### YOUR OBJECTIVE
Each entry is to be repeated word for word, and the images are to be dropped.

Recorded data
>>>
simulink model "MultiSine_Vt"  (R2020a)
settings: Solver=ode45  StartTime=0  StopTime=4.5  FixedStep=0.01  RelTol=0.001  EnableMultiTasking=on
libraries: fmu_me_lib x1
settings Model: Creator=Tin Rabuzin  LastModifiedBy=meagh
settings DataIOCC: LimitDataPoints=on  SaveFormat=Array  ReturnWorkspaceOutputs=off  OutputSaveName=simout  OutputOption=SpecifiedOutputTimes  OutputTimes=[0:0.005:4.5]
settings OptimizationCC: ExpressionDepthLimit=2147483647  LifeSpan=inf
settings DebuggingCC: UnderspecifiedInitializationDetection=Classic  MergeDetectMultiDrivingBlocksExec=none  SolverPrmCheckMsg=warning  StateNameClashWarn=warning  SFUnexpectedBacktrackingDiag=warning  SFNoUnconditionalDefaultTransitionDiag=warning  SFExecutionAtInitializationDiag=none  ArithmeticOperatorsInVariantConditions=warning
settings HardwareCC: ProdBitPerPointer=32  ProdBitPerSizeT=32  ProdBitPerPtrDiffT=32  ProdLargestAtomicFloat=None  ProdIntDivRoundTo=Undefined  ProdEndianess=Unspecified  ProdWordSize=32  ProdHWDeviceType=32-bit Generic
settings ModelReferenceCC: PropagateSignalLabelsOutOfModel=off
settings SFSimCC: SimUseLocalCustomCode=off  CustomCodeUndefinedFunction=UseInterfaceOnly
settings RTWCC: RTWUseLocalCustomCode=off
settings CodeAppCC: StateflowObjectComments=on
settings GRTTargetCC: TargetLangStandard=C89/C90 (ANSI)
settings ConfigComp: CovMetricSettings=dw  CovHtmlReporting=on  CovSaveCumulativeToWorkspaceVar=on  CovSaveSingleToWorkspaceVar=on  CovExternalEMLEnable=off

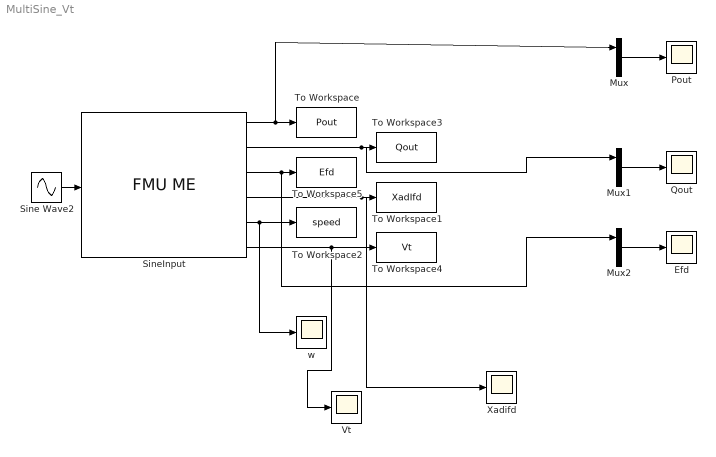
== system MultiSine_Vt ==
  Efd : Scope
  Mux : Mux  Inputs=2
  Mux1 : Mux  Inputs=2
  Mux2 : Mux  Inputs=2
  Pout : Scope
  Qout : Scope
  Sine Wave2 : Sin  Amplitude=0.25  Frequency=1300  SampleTime=0
  SineInput : fmu_me_lib/FMU ME  Description=Simulates an FMU for Model Exchange 1.0 or Model Exchange 2.0.  dummy=0
  To Workspace : ToWorkspace  VariableName=Pout  SaveFormat=Structure With Time  SampleTime=0.005
  To Workspace1 : ToWorkspace  VariableName=XadIfd  SaveFormat=Structure With Time  SampleTime=0.005
  To Workspace2 : ToWorkspace  VariableName=speed  SaveFormat=Structure With Time  SampleTime=0.005
  To Workspace3 : ToWorkspace  VariableName=Qout  SaveFormat=Structure With Time  SampleTime=0.005
  To Workspace4 : ToWorkspace  VariableName=Vt  SaveFormat=Structure With Time  SampleTime=0.005
  To Workspace5 : ToWorkspace  VariableName=Efd  SaveFormat=Structure With Time  SampleTime=0.005
  Vt : Scope
  Xadifd : Scope
  w : Scope
  wires:
  SineInput/1 -> Mux/1, To Workspace/1
  Mux/1 -> Pout/1
  Mux1/1 -> Qout/1
  Mux2/1 -> Efd/1
  SineInput/2 -> Mux1/1, To Workspace3/1
  SineInput/4 -> Xadifd/1, To Workspace1/1
  SineInput/5 -> w/1, To Workspace2/1
  SineInput/6 -> Vt/1, To Workspace4/1
  SineInput/3 -> Mux2/1, To Workspace5/1
  Sine Wave2/1 -> SineInput/1
<<<
### YOUR RESPONSE
simulink model "MultiSine_Vt"  (R2020a)
settings: Solver=ode45  StartTime=0  StopTime=4.5  FixedStep=0.01  RelTol=0.001  EnableMultiTasking=on
libraries: fmu_me_lib x1
settings Model: Creator=Tin Rabuzin  LastModifiedBy=meagh
settings DataIOCC: LimitDataPoints=on  SaveFormat=Array  ReturnWorkspaceOutputs=off  OutputSaveName=simout  OutputOption=SpecifiedOutputTimes  OutputTimes=[0:0.005:4.5]
settings OptimizationCC: ExpressionDepthLimit=2147483647  LifeSpan=inf
settings DebuggingCC: UnderspecifiedInitializationDetection=Classic  MergeDetectMultiDrivingBlocksExec=none  SolverPrmCheckMsg=warning  StateNameClashWarn=warning  SFUnexpectedBacktrackingDiag=warning  SFNoUnconditionalDefaultTransitionDiag=warning  SFExecutionAtInitializationDiag=none  ArithmeticOperatorsInVariantConditions=warning
settings HardwareCC: ProdBitPerPointer=32  ProdBitPerSizeT=32  ProdBitPerPtrDiffT=32  ProdLargestAtomicFloat=None  ProdIntDivRoundTo=Undefined  ProdEndianess=Unspecified  ProdWordSize=32  ProdHWDeviceType=32-bit Generic
settings ModelReferenceCC: PropagateSignalLabelsOutOfModel=off
settings SFSimCC: SimUseLocalCustomCode=off  CustomCodeUndefinedFunction=UseInterfaceOnly
settings RTWCC: RTWUseLocalCustomCode=off
settings CodeAppCC: StateflowObjectComments=on
settings GRTTargetCC: TargetLangStandard=C89/C90 (ANSI)
settings ConfigComp: CovMetricSettings=dw  CovHtmlReporting=on  CovSaveCumulativeToWorkspaceVar=on  CovSaveSingleToWorkspaceVar=on  CovExternalEMLEnable=off

== system MultiSine_Vt ==
  Efd : Scope
  Mux : Mux  Inputs=2
  Mux1 : Mux  Inputs=2
  Mux2 : Mux  Inputs=2
  Pout : Scope
  Qout : Scope
  Sine Wave2 : Sin  Amplitude=0.25  Frequency=1300  SampleTime=0
  SineInput : fmu_me_lib/FMU ME  Description=Simulates an FMU for Model Exchange 1.0 or Model Exchange 2.0.  dummy=0
  To Workspace : ToWorkspace  VariableName=Pout  SaveFormat=Structure With Time  SampleTime=0.005
  To Workspace1 : ToWorkspace  VariableName=XadIfd  SaveFormat=Structure With Time  SampleTime=0.005
  To Workspace2 : ToWorkspace  VariableName=speed  SaveFormat=Structure With Time  SampleTime=0.005
  To Workspace3 : ToWorkspace  VariableName=Qout  SaveFormat=Structure With Time  SampleTime=0.005
  To Workspace4 : ToWorkspace  VariableName=Vt  SaveFormat=Structure With Time  SampleTime=0.005
  To Workspace5 : ToWorkspace  VariableName=Efd  SaveFormat=Structure With Time  SampleTime=0.005
  Vt : Scope
  Xadifd : Scope
  w : Scope
  wires:
  SineInput/1 -> Mux/1, To Workspace/1
  Mux/1 -> Pout/1
  Mux1/1 -> Qout/1
  Mux2/1 -> Efd/1
  SineInput/2 -> Mux1/1, To Workspace3/1
  SineInput/4 -> Xadifd/1, To Workspace1/1
  SineInput/5 -> w/1, To Workspace2/1
  SineInput/6 -> Vt/1, To Workspace4/1
  SineInput/3 -> Mux2/1, To Workspace5/1
  Sine Wave2/1 -> SineInput/1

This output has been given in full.